One must imagine the gene as “acting” in favor of only its own reproduction. Therefore, it is possible that maternal and paternal genes compete to increase their number of copies at the expense of the other parent’s genes’ survival within the population. In fact, there exists a molecular process for mediating this competition called genomic imprinting. This process can occur via DNA methylation such that the version of a gene from one parent is silenced, resulting in the exclusive expression of the other parent’s version of that gene. When Queller theorized the conflict between the reproductive interests of the maternal and paternal genes within individual honeybees, it had not yet been established that honeybees were capable of DNA methylation. It has since been shown that honeybees do have a gene methylation system and the modulation of DNA in this way has now been associated with changes in the development and activity of bees’ ovaries. Therefore, bees are capable of the molecular process that can facilitate genomic imprinting, and there is strong theory to suggest there is selective silencing of genes based on the sex-specific patterns of inheritance and behavior in the honeybee.
A recent collaborative effort between Queller and other scientists tested kinship theory by cross-breeding Africanized and European worker bees. The researchers already knew that Africanized honeybees develop larger ovaries and produce more eggs than their European counterparts. Therefore, they predicted that the hybrid worker bees with Africanized fathers and European mothers would develop larger ovaries and produce more eggs than the bees with European fathers and Africanized mothers based on the hypothesis that the father’s genes would increase the growth and activity of these reproductive organs. The results were as predicted: the bees with Africanized fathers had larger ovaries and reproduced more than those with Africanized mothers, suggesting that the father’s genes do increase reproduction as compared to the mother’s genes.

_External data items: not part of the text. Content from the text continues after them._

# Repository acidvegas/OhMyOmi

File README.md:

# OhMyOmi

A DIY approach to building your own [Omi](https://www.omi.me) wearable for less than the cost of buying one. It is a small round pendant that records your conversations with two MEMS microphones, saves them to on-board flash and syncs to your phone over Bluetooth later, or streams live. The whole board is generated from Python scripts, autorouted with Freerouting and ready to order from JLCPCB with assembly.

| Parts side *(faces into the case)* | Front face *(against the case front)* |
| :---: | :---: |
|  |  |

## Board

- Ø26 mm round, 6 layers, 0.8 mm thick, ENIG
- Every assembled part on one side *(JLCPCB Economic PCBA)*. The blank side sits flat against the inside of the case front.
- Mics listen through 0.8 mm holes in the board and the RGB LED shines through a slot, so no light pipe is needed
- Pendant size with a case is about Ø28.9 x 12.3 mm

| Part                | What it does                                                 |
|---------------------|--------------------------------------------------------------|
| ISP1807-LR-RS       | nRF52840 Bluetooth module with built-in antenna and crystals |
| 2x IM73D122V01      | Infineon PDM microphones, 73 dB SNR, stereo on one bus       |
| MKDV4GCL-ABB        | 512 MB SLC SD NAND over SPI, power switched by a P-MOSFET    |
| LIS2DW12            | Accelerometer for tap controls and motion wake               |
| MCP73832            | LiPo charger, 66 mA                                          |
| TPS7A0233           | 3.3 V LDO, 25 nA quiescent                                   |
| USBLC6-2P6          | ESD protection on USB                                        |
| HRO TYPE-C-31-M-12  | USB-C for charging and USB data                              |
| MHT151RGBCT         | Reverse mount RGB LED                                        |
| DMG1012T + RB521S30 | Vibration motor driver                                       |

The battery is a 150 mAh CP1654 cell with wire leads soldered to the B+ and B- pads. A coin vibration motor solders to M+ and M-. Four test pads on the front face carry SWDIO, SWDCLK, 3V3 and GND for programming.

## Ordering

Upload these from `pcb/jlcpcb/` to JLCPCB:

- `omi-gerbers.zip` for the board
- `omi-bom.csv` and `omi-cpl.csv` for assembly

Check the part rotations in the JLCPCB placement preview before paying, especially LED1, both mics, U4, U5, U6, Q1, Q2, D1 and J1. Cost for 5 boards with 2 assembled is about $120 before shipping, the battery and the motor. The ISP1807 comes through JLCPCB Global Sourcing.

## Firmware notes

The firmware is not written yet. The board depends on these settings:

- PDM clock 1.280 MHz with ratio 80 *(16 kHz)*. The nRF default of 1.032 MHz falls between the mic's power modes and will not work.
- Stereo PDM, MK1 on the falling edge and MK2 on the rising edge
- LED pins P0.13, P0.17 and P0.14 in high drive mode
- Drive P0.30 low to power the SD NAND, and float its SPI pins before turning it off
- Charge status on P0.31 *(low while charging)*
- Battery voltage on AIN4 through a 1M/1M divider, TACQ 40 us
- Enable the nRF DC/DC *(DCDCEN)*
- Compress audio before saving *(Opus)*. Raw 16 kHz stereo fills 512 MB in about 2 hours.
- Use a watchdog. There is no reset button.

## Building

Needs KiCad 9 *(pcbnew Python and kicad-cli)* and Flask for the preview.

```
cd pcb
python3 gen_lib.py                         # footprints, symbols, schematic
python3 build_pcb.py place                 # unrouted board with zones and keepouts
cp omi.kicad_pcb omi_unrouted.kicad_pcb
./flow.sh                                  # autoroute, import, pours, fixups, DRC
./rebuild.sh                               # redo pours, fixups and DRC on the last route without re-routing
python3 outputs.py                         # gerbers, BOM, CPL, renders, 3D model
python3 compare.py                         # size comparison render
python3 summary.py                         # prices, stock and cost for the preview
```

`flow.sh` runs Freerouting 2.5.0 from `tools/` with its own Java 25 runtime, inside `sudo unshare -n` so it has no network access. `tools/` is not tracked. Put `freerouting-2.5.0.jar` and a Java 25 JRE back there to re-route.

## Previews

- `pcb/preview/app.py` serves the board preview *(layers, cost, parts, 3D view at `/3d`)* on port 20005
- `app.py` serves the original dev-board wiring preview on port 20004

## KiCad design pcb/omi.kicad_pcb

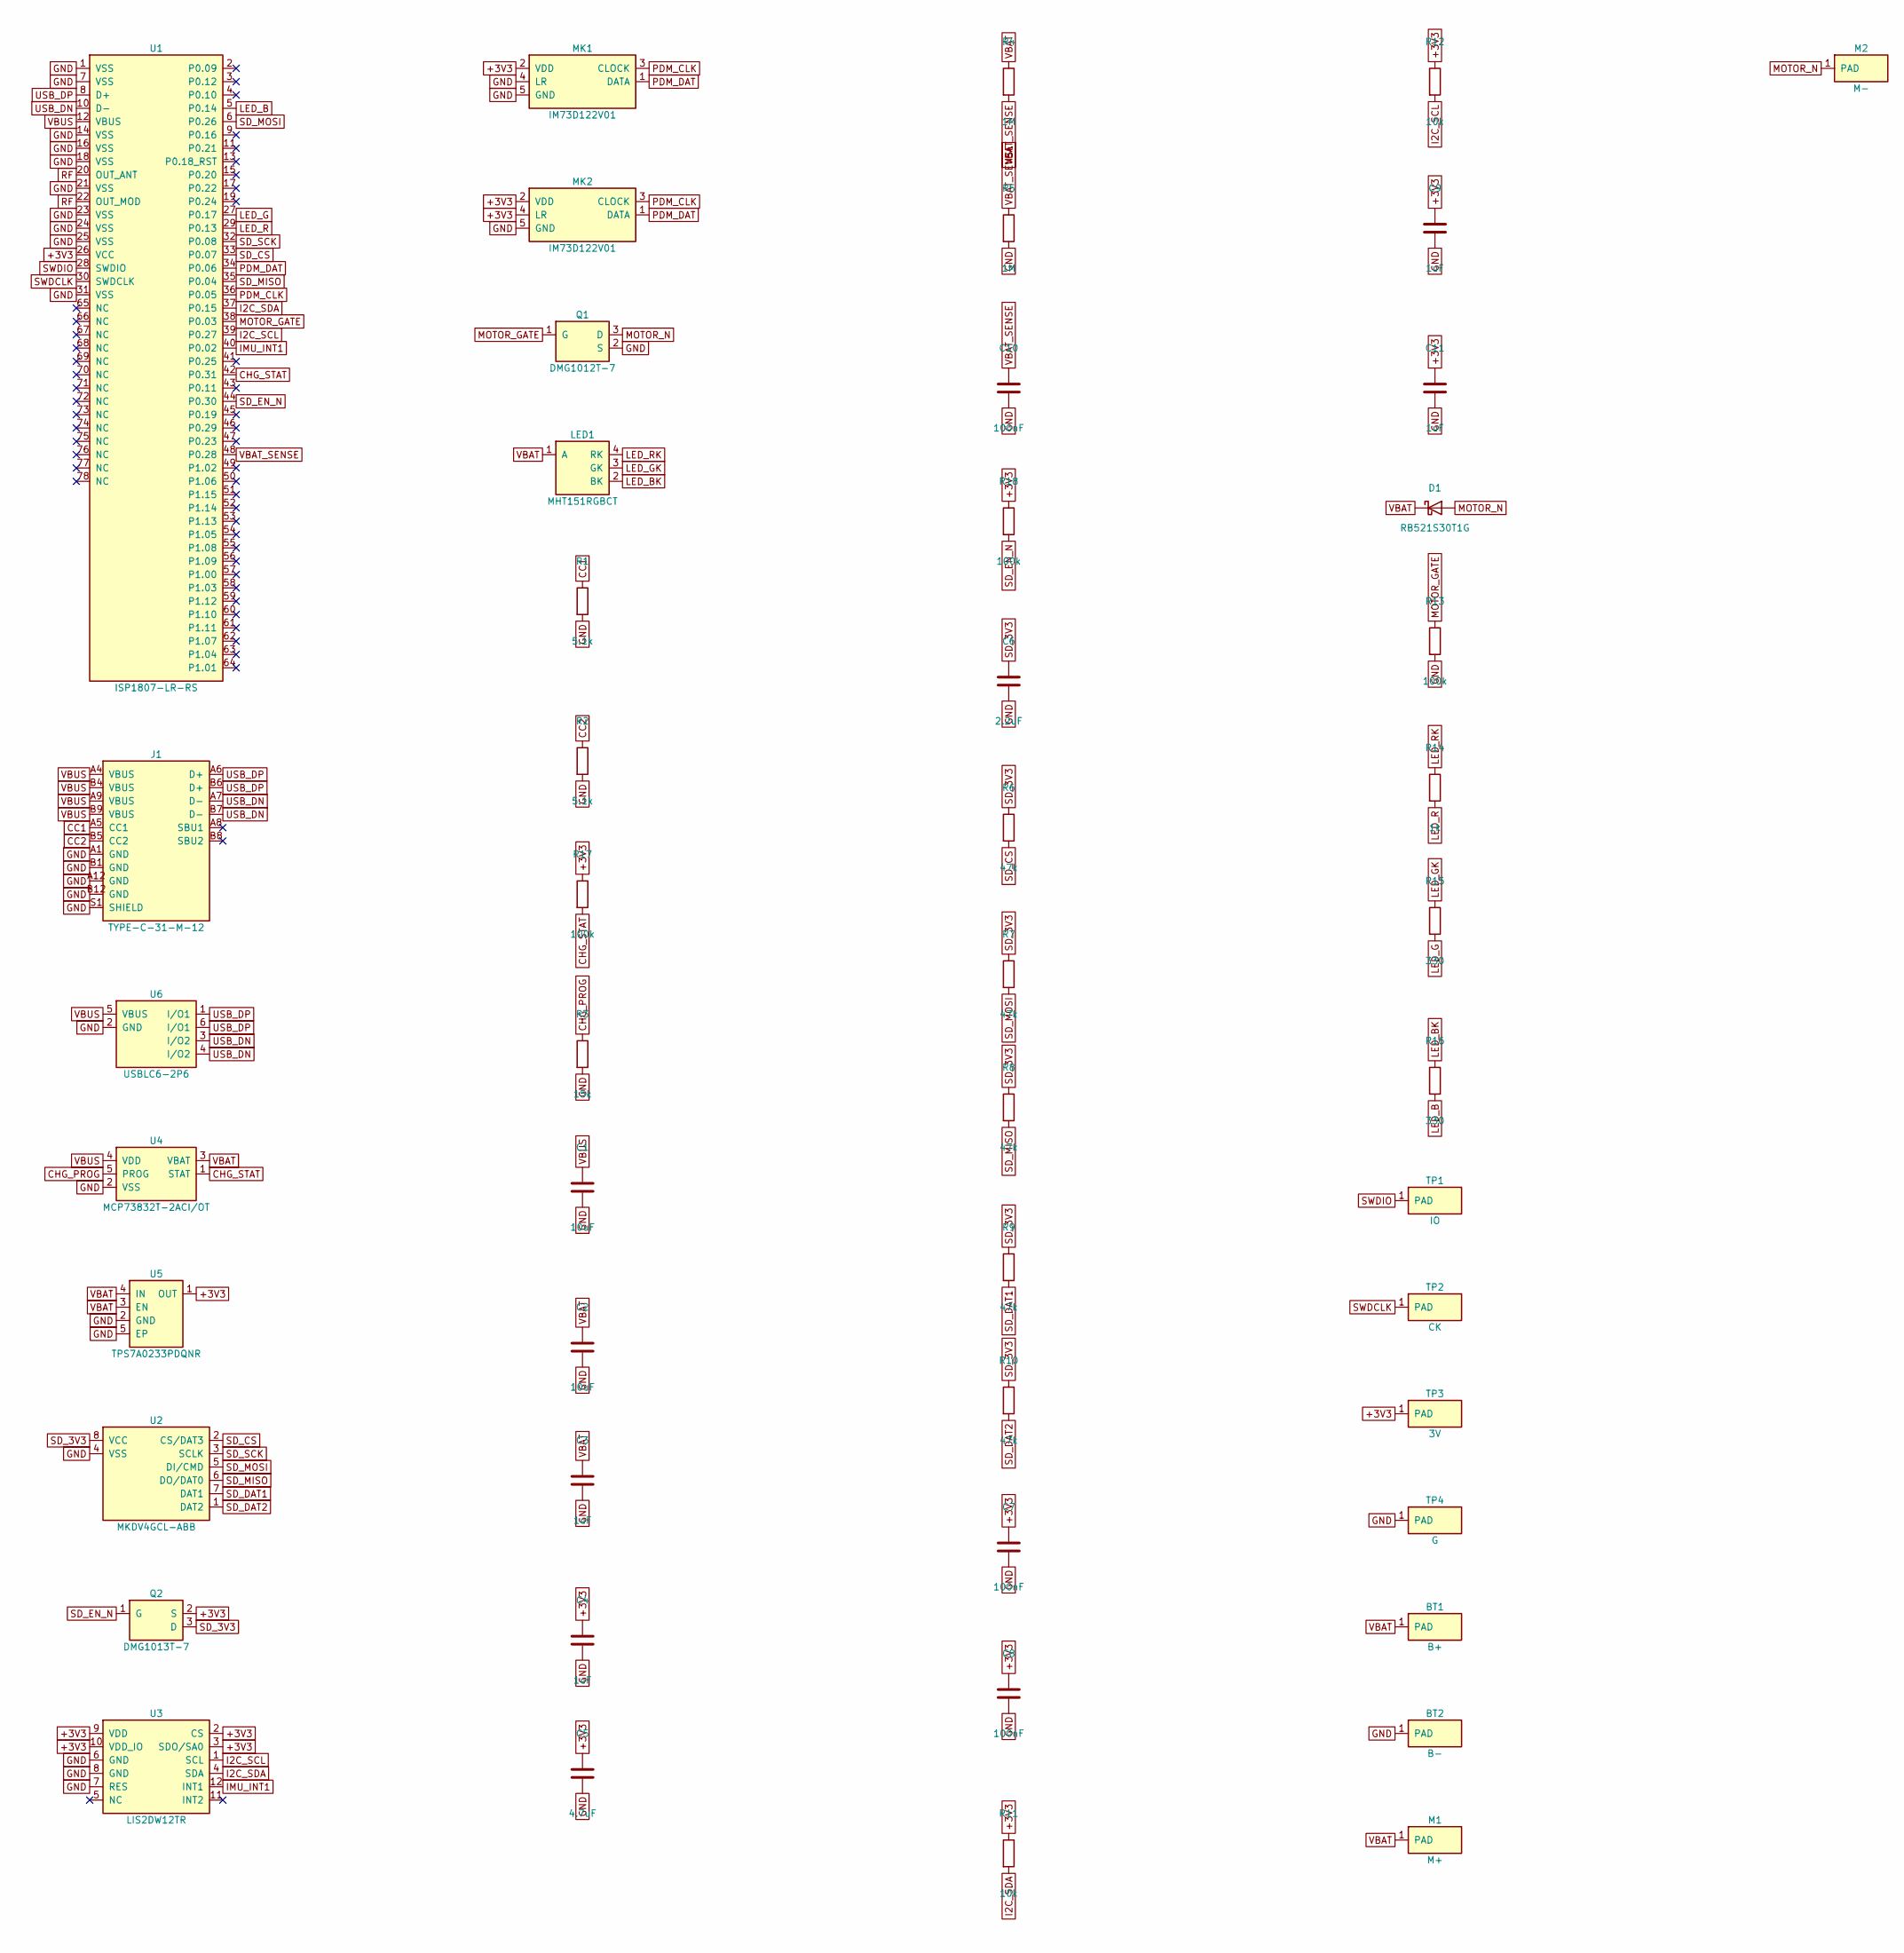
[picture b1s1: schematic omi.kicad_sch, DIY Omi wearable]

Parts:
BT1: B+; TestPoint_Pad_1.0x1.0mm
BT2: B-; TestPoint_Pad_1.0x1.0mm
C1: 10uF; C_0603_1608Metric; LCSC C19702
C2: 10uF; C_0402_1005Metric; LCSC C15525
C3, C4, C9, C11: 1uF; C_0402_1005Metric; LCSC C52923
C5: 4.7uF; C_0402_1005Metric; LCSC C23733
C6: 2.2uF; C_0402_1005Metric; LCSC C12530
C7, C8, C10: 100nF; C_0402_1005Metric; LCSC C1525
D1: RB521S30T1G; D_SOD-523; LCSC C145179
J1: TYPE-C-31-M-12; USB_C_Receptacle_HRO_TYPE-C-31-M-12; LCSC C165948
LED1: MHT151RGBCT; LED_RGB_REV_1206; LCSC C409782
M1: M+; TestPoint_Pad_1.0x1.0mm
M2: M-; TestPoint_Pad_1.0x1.0mm
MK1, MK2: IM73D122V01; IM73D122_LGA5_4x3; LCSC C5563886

The study also took advantage of RNA sequencing technology to compare the expression of maternal and paternal genes between sterile and reproducing worker bees. Again, as expected, reproducing bees expressed the paternal versions of genes over the maternal versions more often than sterile bees. Additionally, several of these differentially- expressed genes are known to be involved in egg production, such as the transcription and upregulation of an important yolk precursor protein.
These results support the theory that maternally and paternally inherited genes compete to determine the reproductive behavior of worker bees with expression of paternal genes favoring increased reproductive behavior as compared to the maternal versions. These findings also provide strong support for kinship theory since the study conclusively demonstrated that paternally-inherited genes favor behaviors that increase reproductive behavior while maternally-inherited genes favor altruistic behaviors. The social insect has always been a valuable subject for the study of kin selection and these results suggest a promising new opportunity for investigation of this theory within the genome.